··· Provided records
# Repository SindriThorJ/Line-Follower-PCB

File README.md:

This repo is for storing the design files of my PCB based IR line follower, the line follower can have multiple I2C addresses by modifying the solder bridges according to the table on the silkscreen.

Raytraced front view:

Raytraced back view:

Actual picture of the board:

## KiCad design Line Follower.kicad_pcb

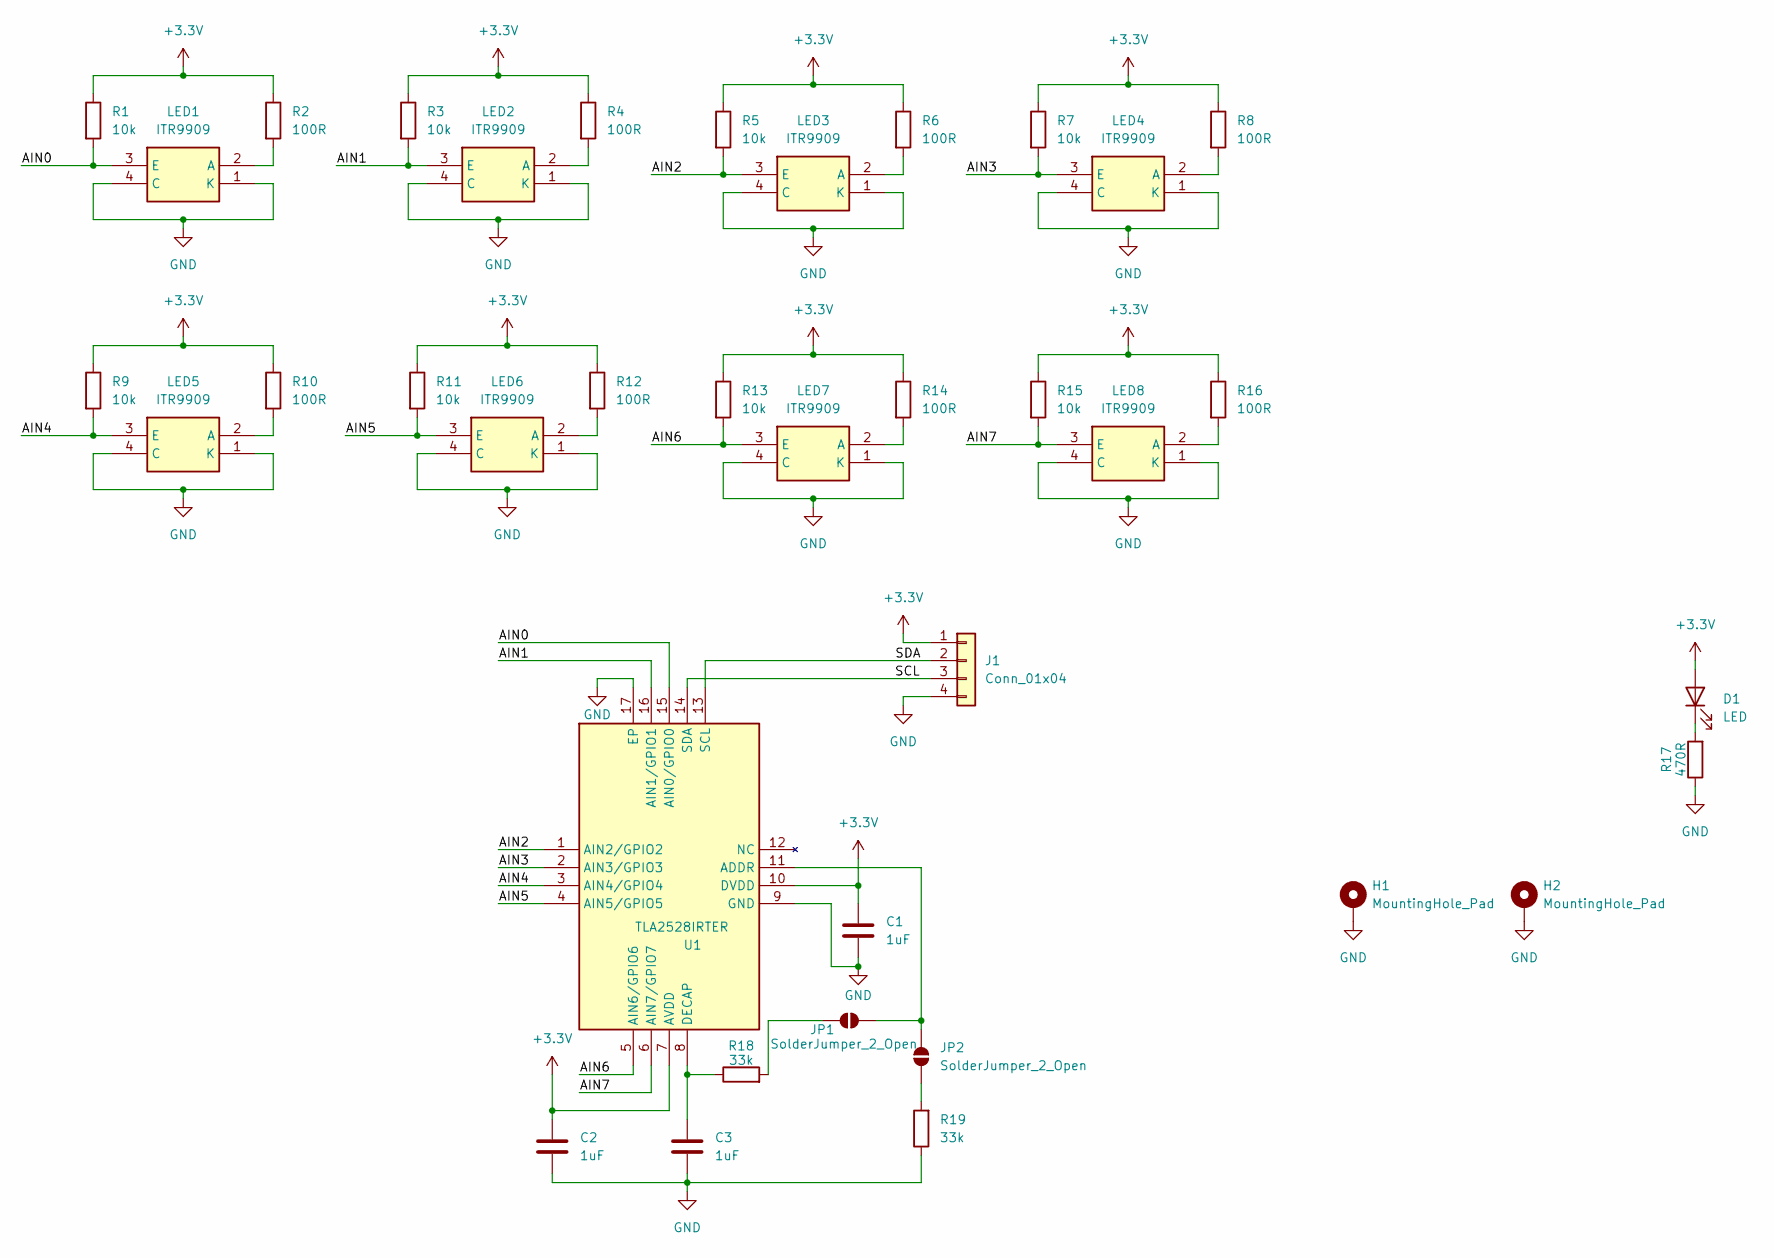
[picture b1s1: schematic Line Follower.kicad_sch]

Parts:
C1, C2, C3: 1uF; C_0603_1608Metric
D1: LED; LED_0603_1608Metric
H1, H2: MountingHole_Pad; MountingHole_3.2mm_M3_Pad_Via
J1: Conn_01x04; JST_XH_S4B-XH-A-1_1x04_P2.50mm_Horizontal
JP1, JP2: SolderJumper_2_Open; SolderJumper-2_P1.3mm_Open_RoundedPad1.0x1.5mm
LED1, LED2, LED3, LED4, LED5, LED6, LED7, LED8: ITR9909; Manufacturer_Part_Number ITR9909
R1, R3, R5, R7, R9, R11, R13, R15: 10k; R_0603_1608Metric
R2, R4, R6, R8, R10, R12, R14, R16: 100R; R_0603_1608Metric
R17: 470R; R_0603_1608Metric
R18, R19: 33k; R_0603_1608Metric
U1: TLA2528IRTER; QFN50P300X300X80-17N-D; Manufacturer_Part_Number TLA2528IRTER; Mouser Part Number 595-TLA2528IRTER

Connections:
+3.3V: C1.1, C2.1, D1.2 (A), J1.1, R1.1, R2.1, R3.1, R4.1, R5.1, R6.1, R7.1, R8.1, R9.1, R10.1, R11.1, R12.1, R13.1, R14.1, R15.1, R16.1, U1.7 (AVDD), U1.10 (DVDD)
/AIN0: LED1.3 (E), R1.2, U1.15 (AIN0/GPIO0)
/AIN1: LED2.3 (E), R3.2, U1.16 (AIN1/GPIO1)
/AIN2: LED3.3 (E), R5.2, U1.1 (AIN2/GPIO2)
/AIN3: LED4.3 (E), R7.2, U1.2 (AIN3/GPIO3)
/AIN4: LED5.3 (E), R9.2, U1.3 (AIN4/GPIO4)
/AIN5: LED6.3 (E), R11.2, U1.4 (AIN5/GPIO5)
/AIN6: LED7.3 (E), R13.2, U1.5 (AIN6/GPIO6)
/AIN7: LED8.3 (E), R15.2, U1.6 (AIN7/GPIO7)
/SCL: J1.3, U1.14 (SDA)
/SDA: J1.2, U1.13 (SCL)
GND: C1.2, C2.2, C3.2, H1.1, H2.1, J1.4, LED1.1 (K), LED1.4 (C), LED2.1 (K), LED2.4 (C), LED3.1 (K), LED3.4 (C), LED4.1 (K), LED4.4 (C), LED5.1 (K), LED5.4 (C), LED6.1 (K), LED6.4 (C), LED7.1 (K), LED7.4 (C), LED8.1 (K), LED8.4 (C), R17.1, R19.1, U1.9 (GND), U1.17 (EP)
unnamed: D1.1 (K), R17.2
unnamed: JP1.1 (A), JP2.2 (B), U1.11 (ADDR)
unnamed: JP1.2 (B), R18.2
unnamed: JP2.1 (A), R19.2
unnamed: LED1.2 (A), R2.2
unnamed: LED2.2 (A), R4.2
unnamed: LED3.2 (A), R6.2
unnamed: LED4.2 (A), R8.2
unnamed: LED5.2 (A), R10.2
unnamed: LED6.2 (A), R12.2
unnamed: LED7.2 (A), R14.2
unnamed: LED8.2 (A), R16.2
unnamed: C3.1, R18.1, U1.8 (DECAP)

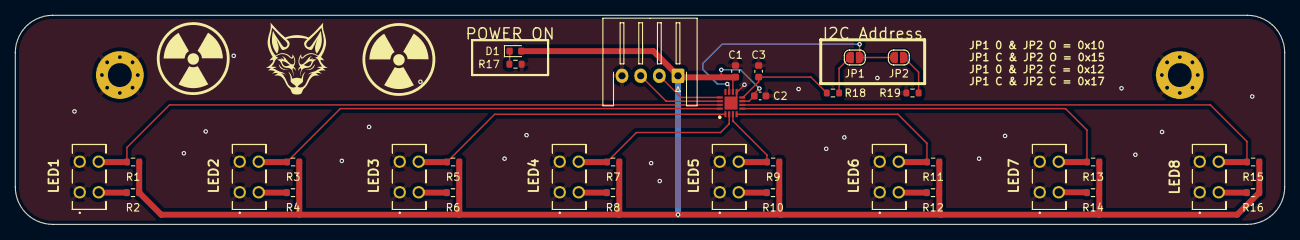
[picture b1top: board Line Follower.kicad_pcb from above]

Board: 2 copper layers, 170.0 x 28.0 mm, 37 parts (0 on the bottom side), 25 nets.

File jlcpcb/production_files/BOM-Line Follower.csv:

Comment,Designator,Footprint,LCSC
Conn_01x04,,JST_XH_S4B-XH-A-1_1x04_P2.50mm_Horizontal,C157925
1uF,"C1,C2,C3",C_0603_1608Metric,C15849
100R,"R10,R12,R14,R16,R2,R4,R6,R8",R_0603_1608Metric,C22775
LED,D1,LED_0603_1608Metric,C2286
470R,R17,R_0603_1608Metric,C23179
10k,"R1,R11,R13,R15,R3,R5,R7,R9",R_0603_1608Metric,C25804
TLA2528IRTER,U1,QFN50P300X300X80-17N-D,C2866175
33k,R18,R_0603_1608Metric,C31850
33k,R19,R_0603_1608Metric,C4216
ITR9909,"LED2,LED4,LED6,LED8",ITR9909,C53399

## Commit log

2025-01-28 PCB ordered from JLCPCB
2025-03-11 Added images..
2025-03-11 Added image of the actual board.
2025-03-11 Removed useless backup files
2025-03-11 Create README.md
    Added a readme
······
- _Exercise details_:
Could you write out only the lines of the listing above from the one that contains "33k,R18,R_0603_1608Metric,C31850" through its final line, exactly and inclusive?

- _Answer section_:
33k,R18,R_0603_1608Metric,C31850
33k,R19,R_0603_1608Metric,C4216
ITR9909,"LED2,LED4,LED6,LED8",ITR9909,C53399

## Commit log

2025-01-28 PCB ordered from JLCPCB
2025-03-11 Added images..
2025-03-11 Added image of the actual board.
2025-03-11 Removed useless backup files
2025-03-11 Create README.md
    Added a readme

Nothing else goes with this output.